# Where to print +18 artwork?



## Madopts (Feb 26, 2014)

Hello,

I'm not sure where to post this question, sorry for any trouble.

I'm planing to do an artbook, but I don't know any places online to print adult stuff. 
*Do you guys know any website that print adult +18 content?* 
Please let me know.


----------



## Catilda Lily (Feb 26, 2014)

Google it?


----------



## Charrio (Feb 26, 2014)

I have mine printed up at my local Office Max, Ask them when they aren't busy and few people around. 
Most are pretty cool about it, you just have to be discreet about it.

Don't go flashing it around, they will usually give you a bag or box to carry it in as they too want to keep it away from sensitive customers.


----------



## Kaiser Tag (Mar 5, 2014)

http://ka-blam.com/printing/front/  They are also the best priced and great quality.


----------



## Batty Krueger (Mar 5, 2014)

My husband works at office max in the impress department.  Its against policy to print adult material and caught doing so is means for immediate termination.


----------



## powderhound (Mar 6, 2014)

I'm actually impressed you haven't gotten him fired yet.


----------



## Batty Krueger (Mar 6, 2014)

Lol I just get g rated stuff printed, nothing adult, I get those at cons.


----------



## Duality Jack (Mar 6, 2014)

*Looks around for watchful resident moderator-librarians*

Totally the children's section of your local library.


----------



## SixtyfourTehLeet (May 8, 2014)

A paper shredder or a furnace. 

If you're going to make your work only for adults, don't make it at all.

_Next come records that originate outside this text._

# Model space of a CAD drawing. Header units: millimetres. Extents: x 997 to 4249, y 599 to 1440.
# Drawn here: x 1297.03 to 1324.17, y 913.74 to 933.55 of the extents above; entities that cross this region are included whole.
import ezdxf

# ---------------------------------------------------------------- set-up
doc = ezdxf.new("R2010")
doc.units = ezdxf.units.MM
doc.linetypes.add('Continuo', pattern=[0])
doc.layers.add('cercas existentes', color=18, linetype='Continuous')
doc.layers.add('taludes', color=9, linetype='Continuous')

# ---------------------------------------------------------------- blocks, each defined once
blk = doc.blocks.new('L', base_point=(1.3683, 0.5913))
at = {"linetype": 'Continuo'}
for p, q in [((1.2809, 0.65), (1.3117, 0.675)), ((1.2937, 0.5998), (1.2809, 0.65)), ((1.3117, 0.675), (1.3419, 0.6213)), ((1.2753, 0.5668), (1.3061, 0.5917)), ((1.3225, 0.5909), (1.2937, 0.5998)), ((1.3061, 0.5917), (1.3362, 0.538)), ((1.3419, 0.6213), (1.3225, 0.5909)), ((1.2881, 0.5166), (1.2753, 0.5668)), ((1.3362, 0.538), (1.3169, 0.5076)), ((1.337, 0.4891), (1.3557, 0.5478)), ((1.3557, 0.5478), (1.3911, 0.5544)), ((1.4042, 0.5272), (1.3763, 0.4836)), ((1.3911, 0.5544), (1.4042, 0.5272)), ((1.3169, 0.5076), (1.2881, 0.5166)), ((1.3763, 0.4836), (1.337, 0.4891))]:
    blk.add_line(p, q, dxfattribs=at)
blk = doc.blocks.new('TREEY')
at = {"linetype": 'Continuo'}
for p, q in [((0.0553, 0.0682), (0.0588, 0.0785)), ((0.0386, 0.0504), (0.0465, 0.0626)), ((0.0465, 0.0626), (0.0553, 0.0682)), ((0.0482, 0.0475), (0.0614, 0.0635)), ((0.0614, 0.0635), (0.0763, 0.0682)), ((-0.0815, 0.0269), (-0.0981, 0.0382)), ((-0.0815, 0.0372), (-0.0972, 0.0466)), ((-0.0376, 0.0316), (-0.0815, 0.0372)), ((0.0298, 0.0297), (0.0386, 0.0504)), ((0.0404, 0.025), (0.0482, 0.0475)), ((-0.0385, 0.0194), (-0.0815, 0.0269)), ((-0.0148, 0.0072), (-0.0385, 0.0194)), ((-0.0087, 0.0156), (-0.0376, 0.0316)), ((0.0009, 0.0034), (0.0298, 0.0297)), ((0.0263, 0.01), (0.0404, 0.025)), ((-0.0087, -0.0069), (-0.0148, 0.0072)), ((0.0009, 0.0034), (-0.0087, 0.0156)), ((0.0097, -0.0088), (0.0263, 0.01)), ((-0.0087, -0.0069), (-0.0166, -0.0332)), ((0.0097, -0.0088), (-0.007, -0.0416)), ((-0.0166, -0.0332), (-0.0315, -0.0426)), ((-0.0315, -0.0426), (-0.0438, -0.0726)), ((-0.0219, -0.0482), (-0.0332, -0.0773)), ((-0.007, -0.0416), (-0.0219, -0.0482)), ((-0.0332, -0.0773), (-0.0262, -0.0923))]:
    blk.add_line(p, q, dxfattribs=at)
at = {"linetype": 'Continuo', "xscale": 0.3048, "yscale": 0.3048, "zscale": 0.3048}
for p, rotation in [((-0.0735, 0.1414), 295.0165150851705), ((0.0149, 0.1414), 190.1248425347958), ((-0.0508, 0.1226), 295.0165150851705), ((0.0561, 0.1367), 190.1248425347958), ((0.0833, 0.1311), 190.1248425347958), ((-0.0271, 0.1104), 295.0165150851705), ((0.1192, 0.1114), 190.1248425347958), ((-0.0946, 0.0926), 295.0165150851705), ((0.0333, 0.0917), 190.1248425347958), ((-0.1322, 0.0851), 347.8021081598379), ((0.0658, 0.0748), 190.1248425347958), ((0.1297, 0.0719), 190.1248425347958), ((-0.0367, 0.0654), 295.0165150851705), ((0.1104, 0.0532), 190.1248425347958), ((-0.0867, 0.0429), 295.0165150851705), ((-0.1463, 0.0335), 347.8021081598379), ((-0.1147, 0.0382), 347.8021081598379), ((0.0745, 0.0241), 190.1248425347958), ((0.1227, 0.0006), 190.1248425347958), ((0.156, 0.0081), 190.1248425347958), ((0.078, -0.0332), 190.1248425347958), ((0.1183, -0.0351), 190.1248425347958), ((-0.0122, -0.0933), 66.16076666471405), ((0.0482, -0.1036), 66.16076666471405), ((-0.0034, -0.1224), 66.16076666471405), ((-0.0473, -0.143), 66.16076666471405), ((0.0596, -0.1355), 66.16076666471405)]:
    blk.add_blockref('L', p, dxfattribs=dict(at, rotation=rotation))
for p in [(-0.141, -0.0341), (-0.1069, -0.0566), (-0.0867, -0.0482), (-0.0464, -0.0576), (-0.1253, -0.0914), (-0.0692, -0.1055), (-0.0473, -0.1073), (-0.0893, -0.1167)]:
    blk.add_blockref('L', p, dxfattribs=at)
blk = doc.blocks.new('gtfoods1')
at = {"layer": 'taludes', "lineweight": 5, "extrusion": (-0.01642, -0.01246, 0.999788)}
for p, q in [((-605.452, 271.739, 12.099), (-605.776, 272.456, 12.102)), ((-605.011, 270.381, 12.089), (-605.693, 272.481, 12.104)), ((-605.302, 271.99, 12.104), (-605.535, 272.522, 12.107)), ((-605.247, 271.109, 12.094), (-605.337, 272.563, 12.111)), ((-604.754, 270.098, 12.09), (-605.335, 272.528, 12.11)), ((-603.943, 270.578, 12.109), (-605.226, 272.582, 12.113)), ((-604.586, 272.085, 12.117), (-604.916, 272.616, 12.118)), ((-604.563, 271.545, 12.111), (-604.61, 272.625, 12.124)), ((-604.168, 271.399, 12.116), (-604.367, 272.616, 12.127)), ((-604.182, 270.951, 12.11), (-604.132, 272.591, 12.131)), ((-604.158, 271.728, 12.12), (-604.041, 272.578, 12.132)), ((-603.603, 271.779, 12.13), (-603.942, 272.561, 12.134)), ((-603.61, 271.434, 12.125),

It's that simple.


----------



## Firusia (May 8, 2014)

Buy a photo printer and print yourself?


----------



## Rydenan (May 9, 2014)

SixtyfourTehLeet said:


> A paper shredder or a furnace.
> 
> If you're going to make your work only for adults, don't make it at all. It's that simple.



Uh-oh.. looks like someone's not '18+' yet.. 

But yeah I'd have to agree with Firusia: Unless you're looking for non-standard sizes, even cheap inkjet printers nowadays can print amazing quality images on photo paper; probably just as good as a professional shop for all intents and purposes.  Plus, some are so cheap that instead of buying ink you can just throw them away and buy another! lol. Also you can check your local yard sales. I once got a brand new HP WiFi-connected touchscreen Photosmart for $5!


----------



## SixtyfourTehLeet (May 13, 2014)

...and I'm preparing to screw over pretty much every site I can find that restricts content as "18+." :B For example, I'm launching a DDoS attack on Picarto for making their site 18+ as I write this to you. Inkbunny's next. :B


----------



## Aleu (May 13, 2014)

How butthurt do you need to be to DDoS sites that have mature filter? JFC.

Anyway, I don't think that there is a public place where you can print 18+ stuff.


----------



## Kragith Zedrok (May 13, 2014)

SixtyfourTehLeet said:


> ...and I'm preparing to screw over pretty much every site I can find that restricts content as "18+." :B For example, I'm launching a DDoS attack on Picarto for making their site 18+ as I write this to you. Inkbunny's next. :B


Uhh huh, sure buddy whatever you say. Thanks for the warning though, I'm sure the current users of both will let them know.




Madopts said:


> Hello,





Madopts said:


> I'm not sure where to post this question, sorry for any trouble.
> I'm planing to do an artbook, but I don't know any places online to print adult stuff.
> *Do you guys know any website that print adult +18 content?*
> Please let me know.



Kinkos will actually allow you to print and scan mature or even 18+ content. I suggest going at a later time, like at 10pm or something. Don't use a terminal when there are people around though. Most won't bother you if your quick and discreet. But printing stuff on your own becomes expensive after a while. Ink is so expensive, if you get a cheap printer just but another one with the free ink and dispose of the ones you have properly, they about cost the same. But for the most part its really a butterfly thing cause if someone sees you printing that sort of thing and they want to make a scene, they will.

xP or just keep it on your computer in a folder where only you know where it is, I keep mine marked SECRET FOLDER lol jk.


----------



## Fyrddin (May 23, 2014)

the problem with printing adult material is really not who will do it, but how will they get it to you.  sending pornographic material through the mail is illegal in some places, so we are now in the territory of  private couriers, which can be mega expensive.  

on the other hand, you can  often pick up second hand lazer printers pretty cheap.  sure, the toner cartridges can cost a lot, but you dont buy new cartridges - you buy DIY toner refill kits at a fraction of the price.  works out a lot cheaper than inkjet, and can handle a higher volume.

its really the best option.  if you cant afford that, you cant afford having it printed for you.


----------



## phymns (Jun 8, 2014)

Grecko Printing in michigan did my artbook and it has nudity in it. They are cool with printing it!!


----------